#### [What you should do]
Each entry below should be restated word for word, without any picture it contains.
<<<<
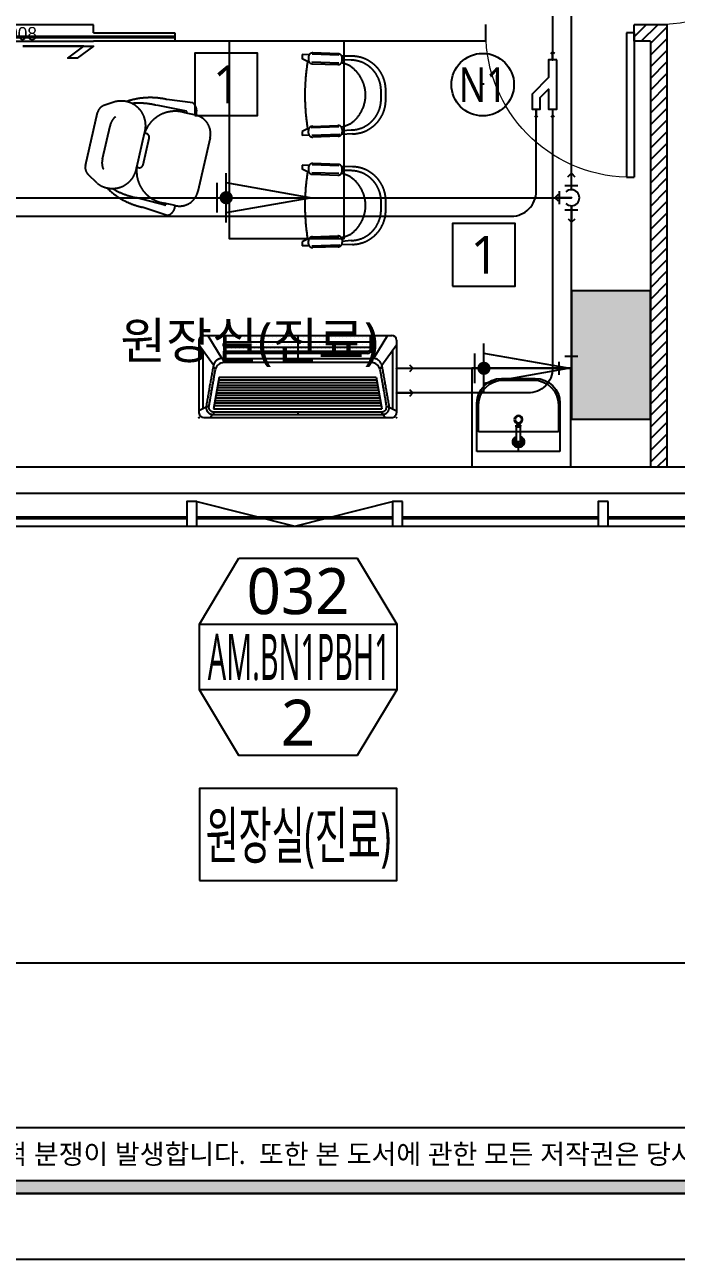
# Model space of a CAD drawing. Extents: x 11551484 to 2613213153046, y -2602833546311 to 14142.
# Drawn here: x 11589919 to 11593880, y -10418 to -2910 of the extents above; entities that cross this region are included whole.
import ezdxf
from ezdxf.enums import TextEntityAlignment as Align

# ---------------------------------------------------------------- set-up
doc = ezdxf.new("R2010")
doc.units = 0
doc.header["$LTSCALE"] = 1000
doc.header["$MEASUREMENT"] = 0
doc.header["$PDMODE"] = 35
doc.linetypes.add('DH-HID2', pattern=[1.2, 0.8, -0.4])
doc.layers.get('0').update_dxf_attribs({"linetype": 'CONTINUOUS'})
doc.layers.get('DEFPOINTS').update_dxf_attribs({"linetype": 'CONTINUOUS'})
for name, color, linetype in [('03-TEXT', 3, 'CONTINUOUS'), ('2.글자선', 60, 'CONTINUOUS'), ('2CONTINUOUS', 2, 'CONTINUOUS'), ('3 가구-붙박이', 6, 'CONTINUOUS'), ('8.패턴선', 8, 'CONTINUOUS'), ('C-WIN', 4, 'CONTINUOUS'), ('CO-BATH', 6, 'CONTINUOUS'), ('CO-DOOR', 8, 'CONTINUOUS'), ('DVM_DRAIN', 5, 'CONTINUOUS'), ('DVM_DRAIN_MARK', 7, 'CONTINUOUS'), ('DVM_INDOOR', 7, 'CONTINUOUS'), ('DVM_INOUT_MARK', 2, 'CONTINUOUS'), ('DVM_INOUT_NAME', 7, 'CONTINUOUS'), ('DVM_JOINT', 6, 'CONTINUOUS'), ('DVM_PIPE', 3, 'CONTINUOUS'), ('DVM_UNIT_BP', 7, 'CONTINUOUS'), ('DVM_UNIT_DP', 4, 'CONTINUOUS'), ('DVM_UNIT_LP', 3, 'CONTINUOUS'), ('F-SYM', 7, 'CONTINUOUS'), ('FORM(YOURNAME)-11', 1, 'CONTINUOUS'), ('FU-FURM', 251, 'DH-HID2'), ('wall', 3, 'CONTINUOUS'), ('WINDOW', 4, 'CONTINUOUS')]:
    doc.layers.add(name, color=color, linetype=linetype)
doc.layers.add('DVM_PMAT_MARK', color=6, linetype='CONTINUOUS', lineweight=25)
doc.styles.add('DVM_DEFAULT', font='malgun.ttf')
doc.styles.add('W-TEXT2', font='Dotum.ttf')
doc.styles.add('YOURNAME', font='HY울릉도M.TTF')
doc.styles.add('맑은 고딕', font='malgun.ttf')

# ---------------------------------------------------------------- blocks, each defined once
blk = doc.blocks.new('FORM-PLAN')
at = {"layer": 'FORM(YOURNAME)-11'}
h = blk.add_hatch(color=256, dxfattribs=at)
h.dxf.hatch_style = 1
h.paths.add_polyline_path([(-71444, 55115), (10556, 55115), (10556, 54915), (-71444, 54915)])
h.paths.add_polyline_path([(-71444, -2085), (10556, -2085), (10556, -2285), (-71444, -2285)])
at = {"layer": 'DEFPOINTS', "color": 158}
blk.add_line((1346, -1285), (-71444, -1285), dxfattribs=at)
blk.add_lwpolyline([(-71444, -2285), (10556, -2285), (10556, 55115), (-71444, 55115)], close=True, dxfattribs=at)
at = {"layer": 'DEFPOINTS'}
blk.add_lwpolyline([(-69444, 53115), (-64, 53115), (-64, 1215), (-69444, 1215)], close=True, dxfattribs=at)
at = {"layer": 'FORM(YOURNAME)-11', "color": 250}
blk.add_lwpolyline([(-72444, -3285), (11556, -3285), (11556, 56115), (-72444, 56115)], close=True, dxfattribs=at)
at = {"layer": 'FORM(YOURNAME)-11'}
blk.add_lwpolyline([(-71444, -2085), (10556, -2085), (10556, -2285), (-71444, -2285)], close=True, dxfattribs=at)
at = {"layer": 'FORM(YOURNAME)-11', "color": 1, "style": '맑은 고딕'}
blk.add_text("- 본 도서는 어떠한 경우에도 무단으로 도용할 수 없으며 도용시 '지적재산권' 보호에 관한 법률에 의거, 법적 분쟁이 발생합니다.  또한 본 도서에 관한 모든 저작권은 당사에 있습니다. -", height=300, dxfattribs=at).set_placement((-32990, -1685), align=Align.MIDDLE_CENTER)
at = {"layer": 'FORM(YOURNAME)-11', "color": 3, "style": 'YOURNAME'}
for tag, height, p in [('1', 451, (9905, 18188)), ('2', 451, (9905, 17544)), ('3', 451, (9905, 16257)), ('4', 451, (9905, 14326)), ('5', 515, (9905, 12009)), ('6', 515, (9905, 9757)), ('7', 515, (9905, 7504)), ('8', 515, (9905, 5252)), ('9', 515, (9905, 2999)), ('10', 515, (5655, 811)), ('11', 515, (9905, 747)), ('12', 515, (5655, -1441)), ('13', 515, (9905, -1441))]:
    blk.add_attdef(tag, text='', height=height, dxfattribs=at).set_placement(p, align=Align.MIDDLE_RIGHT)
blk = doc.blocks.new('$DorLib2D$00000001')
for p, q in [((0.45, 0.975), (0.5, 0.975)), ((0.45, 0), (0.45, 0.975)), ((0.5, 0), (0.5, 0.975)), ((0.5, 0), (0.45, 0))]:
    blk.add_line(p, q)
at = {"lineweight": 13}
blk.add_arc((0.475, 0), 0.975, 91.46928, 180, dxfattribs=at)
blk = doc.blocks.new('flooor')
at = {"layer": '8.패턴선', "ltscale": 30}
h = blk.add_hatch(color=256, dxfattribs=at)
h.dxf.hatch_style = 1
h.paths.add_polyline_path([(11507656.8, -14172891.8), (11491856.8, -14172891.8), (11491856.8, -14188496.8), (11492056.8, -14188496.8), (11492056.8, -14187881.8), (11492216.8, -14187881.8), (11492216.8, -14187096.8), (11492056.8, -14187096.8), (11492056.8, -14177741.8), (11494956.8, -14177741.8), (11494956.8, -14177541.8), (11492056.8, -14177541.8), (11492056.8, -14173091.8), (11494756.8, -14173091.8), (11494756.8, -14176541.8), (11494956.8, -14176541.8), (11494956.8, -14173091.8), (11500056.8, -14173091.8), (11500056.8, -14176141.8), (11500256.8, -14176141.8), (11500256.8, -14173091.8), (11503456.8, -14173091.8), (11503456.8, -14176141.8), (11503656.8, -14176141.8), (11503656.8, -14175391.8), (11504256.8, -14175391.8), (11504256.8, -14175302.3), (11504246.8, -14175302.3), (11504246.8, -14175262.3), (11504256.8, -14175191.8), (11503656.8, -14175191.8), (11503656.8, -14173091.8), (11505856.8, -14173091.8), (11505856.8, -14175191.8), (11505256.8, -14175191.8), (11505256.8, -14175262.3), (11505266.8, -14175262.3), (11505266.8, -14175316.8), (11505256.8, -14175316.8), (11505256.8, -14175391.8), (11506056.8, -14175391.8), (11506056.8, -14174896.8), (11509204.8, -14174896.8), (11509204.8, -14174491.8), (11506056.8, -14174491.8), (11506056.8, -14173091.8), (11507656.8, -14173091.8)])
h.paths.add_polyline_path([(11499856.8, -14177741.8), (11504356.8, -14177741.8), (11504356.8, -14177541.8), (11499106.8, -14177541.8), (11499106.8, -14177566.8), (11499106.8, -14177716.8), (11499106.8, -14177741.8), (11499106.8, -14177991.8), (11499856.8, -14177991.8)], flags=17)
>>>>
#### [Reply to the task]
# Model space of a CAD drawing. Extents: x 11551484 to 2613213153046, y -2602833546311 to 14142.
# Drawn here: x 11589919 to 11593880, y -10418 to -2910 of the extents above; entities that cross this region are included whole.
import ezdxf
from ezdxf.enums import TextEntityAlignment as Align

# ---------------------------------------------------------------- set-up
doc = ezdxf.new("R2010")
doc.units = 0
doc.header["$LTSCALE"] = 1000
doc.header["$MEASUREMENT"] = 0
doc.header["$PDMODE"] = 35
doc.linetypes.add('DH-HID2', pattern=[1.2, 0.8, -0.4])
doc.layers.get('0').update_dxf_attribs({"linetype": 'CONTINUOUS'})
doc.layers.get('DEFPOINTS').update_dxf_attribs({"linetype": 'CONTINUOUS'})
for name, color, linetype in [('03-TEXT', 3, 'CONTINUOUS'), ('2.글자선', 60, 'CONTINUOUS'), ('2CONTINUOUS', 2, 'CONTINUOUS'), ('3 가구-붙박이', 6, 'CONTINUOUS'), ('8.패턴선', 8, 'CONTINUOUS'), ('C-WIN', 4, 'CONTINUOUS'), ('CO-BATH', 6, 'CONTINUOUS'), ('CO-DOOR', 8, 'CONTINUOUS'), ('DVM_DRAIN', 5, 'CONTINUOUS'), ('DVM_DRAIN_MARK', 7, 'CONTINUOUS'), ('DVM_INDOOR', 7, 'CONTINUOUS'), ('DVM_INOUT_MARK', 2, 'CONTINUOUS'), ('DVM_INOUT_NAME', 7, 'CONTINUOUS'), ('DVM_JOINT', 6, 'CONTINUOUS'), ('DVM_PIPE', 3, 'CONTINUOUS'), ('DVM_UNIT_BP', 7, 'CONTINUOUS'), ('DVM_UNIT_DP', 4, 'CONTINUOUS'), ('DVM_UNIT_LP', 3, 'CONTINUOUS'), ('F-SYM', 7, 'CONTINUOUS'), ('FORM(YOURNAME)-11', 1, 'CONTINUOUS'), ('FU-FURM', 251, 'DH-HID2'), ('wall', 3, 'CONTINUOUS'), ('WINDOW', 4, 'CONTINUOUS')]:
    doc.layers.add(name, color=color, linetype=linetype)
doc.layers.add('DVM_PMAT_MARK', color=6, linetype='CONTINUOUS', lineweight=25)
doc.styles.add('DVM_DEFAULT', font='malgun.ttf')
doc.styles.add('W-TEXT2', font='Dotum.ttf')
doc.styles.add('YOURNAME', font='HY울릉도M.TTF')
doc.styles.add('맑은 고딕', font='malgun.ttf')

# ---------------------------------------------------------------- blocks, each defined once
blk = doc.blocks.new('FORM-PLAN')
at = {"layer": 'FORM(YOURNAME)-11'}
h = blk.add_hatch(color=256, dxfattribs=at)
h.dxf.hatch_style = 1
h.paths.add_polyline_path([(-71444, 55115), (10556, 55115), (10556, 54915), (-71444, 54915)])
h.paths.add_polyline_path([(-71444, -2085), (10556, -2085), (10556, -2285), (-71444, -2285)])
at = {"layer": 'DEFPOINTS', "color": 158}
blk.add_line((1346, -1285), (-71444, -1285), dxfattribs=at)
blk.add_lwpolyline([(-71444, -2285), (10556, -2285), (10556, 55115), (-71444, 55115)], close=True, dxfattribs=at)
at = {"layer": 'DEFPOINTS'}
blk.add_lwpolyline([(-69444, 53115), (-64, 53115), (-64, 1215), (-69444, 1215)], close=True, dxfattribs=at)
at = {"layer": 'FORM(YOURNAME)-11', "color": 250}
blk.add_lwpolyline([(-72444, -3285), (11556, -3285), (11556, 56115), (-72444, 56115)], close=True, dxfattribs=at)
at = {"layer": 'FORM(YOURNAME)-11'}
blk.add_lwpolyline([(-71444, -2085), (10556, -2085), (10556, -2285), (-71444, -2285)], close=True, dxfattribs=at)
at = {"layer": 'FORM(YOURNAME)-11', "color": 1, "style": '맑은 고딕'}
blk.add_text("- 본 도서는 어떠한 경우에도 무단으로 도용할 수 없으며 도용시 '지적재산권' 보호에 관한 법률에 의거, 법적 분쟁이 발생합니다.  또한 본 도서에 관한 모든 저작권은 당사에 있습니다. -", height=300, dxfattribs=at).set_placement((-32990, -1685), align=Align.MIDDLE_CENTER)
at = {"layer": 'FORM(YOURNAME)-11', "color": 3, "style": 'YOURNAME'}
for tag, height, p in [('1', 451, (9905, 18188)), ('2', 451, (9905, 17544)), ('3', 451, (9905, 16257)), ('4', 451, (9905, 14326)), ('5', 515, (9905, 12009)), ('6', 515, (9905, 9757)), ('7', 515, (9905, 7504)), ('8', 515, (9905, 5252)), ('9', 515, (9905, 2999)), ('10', 515, (5655, 811)), ('11', 515, (9905, 747)), ('12', 515, (5655, -1441)), ('13', 515, (9905, -1441))]:
    blk.add_attdef(tag, text='', height=height, dxfattribs=at).set_placement(p, align=Align.MIDDLE_RIGHT)
blk = doc.blocks.new('$DorLib2D$00000001')
for p, q in [((0.45, 0.975), (0.5, 0.975)), ((0.45, 0), (0.45, 0.975)), ((0.5, 0), (0.5, 0.975)), ((0.5, 0), (0.45, 0))]:
    blk.add_line(p, q)
at = {"lineweight": 13}
blk.add_arc((0.475, 0), 0.975, 91.46928, 180, dxfattribs=at)
blk = doc.blocks.new('flooor')
at = {"layer": '8.패턴선', "ltscale": 30}
h = blk.add_hatch(color=256, dxfattribs=at)
h.dxf.hatch_style = 1
h.paths.add_polyline_path([(11507656.8, -14172891.8), (11491856.8, -14172891.8), (11491856.8, -14188496.8), (11492056.8, -14188496.8), (11492056.8, -14187881.8), (11492216.8, -14187881.8), (11492216.8, -14187096.8), (11492056.8, -14187096.8), (11492056.8, -14177741.8), (11494956.8, -14177741.8), (11494956.8, -14177541.8), (11492056.8, -14177541.8), (11492056.8, -14173091.8), (11494756.8, -14173091.8), (11494756.8, -14176541.8), (11494956.8, -14176541.8), (11494956.8, -14173091.8), (11500056.8, -14173091.8), (11500056.8, -14176141.8), (11500256.8, -14176141.8), (11500256.8, -14173091.8), (11503456.8, -14173091.8), (11503456.8, -14176141.8), (11503656.8, -14176141.8), (11503656.8, -14175391.8), (11504256.8, -14175391.8), (11504256.8, -14175302.3), (11504246.8, -14175302.3), (11504246.8, -14175262.3), (11504256.8, -14175191.8), (11503656.8, -14175191.8), (11503656.8, -14173091.8), (11505856.8, -14173091.8), (11505856.8, -14175191.8), (11505256.8, -14175191.8), (11505256.8, -14175262.3), (11505266.8, -14175262.3), (11505266.8, -14175316.8), (11505256.8, -14175316.8), (11505256.8, -14175391.8), (11506056.8, -14175391.8), (11506056.8, -14174896.8), (11509204.8, -14174896.8), (11509204.8, -14174491.8), (11506056.8, -14174491.8), (11506056.8, -14173091.8), (11507656.8, -14173091.8)])
h.paths.add_polyline_path([(11499856.8, -14177741.8), (11504356.8, -14177741.8), (11504356.8, -14177541.8), (11499106.8, -14177541.8), (11499106.8, -14177566.8), (11499106.8, -14177716.8), (11499106.8, -14177741.8), (11499106.8, -14177991.8), (11499856.8, -14177991.8)], flags=17)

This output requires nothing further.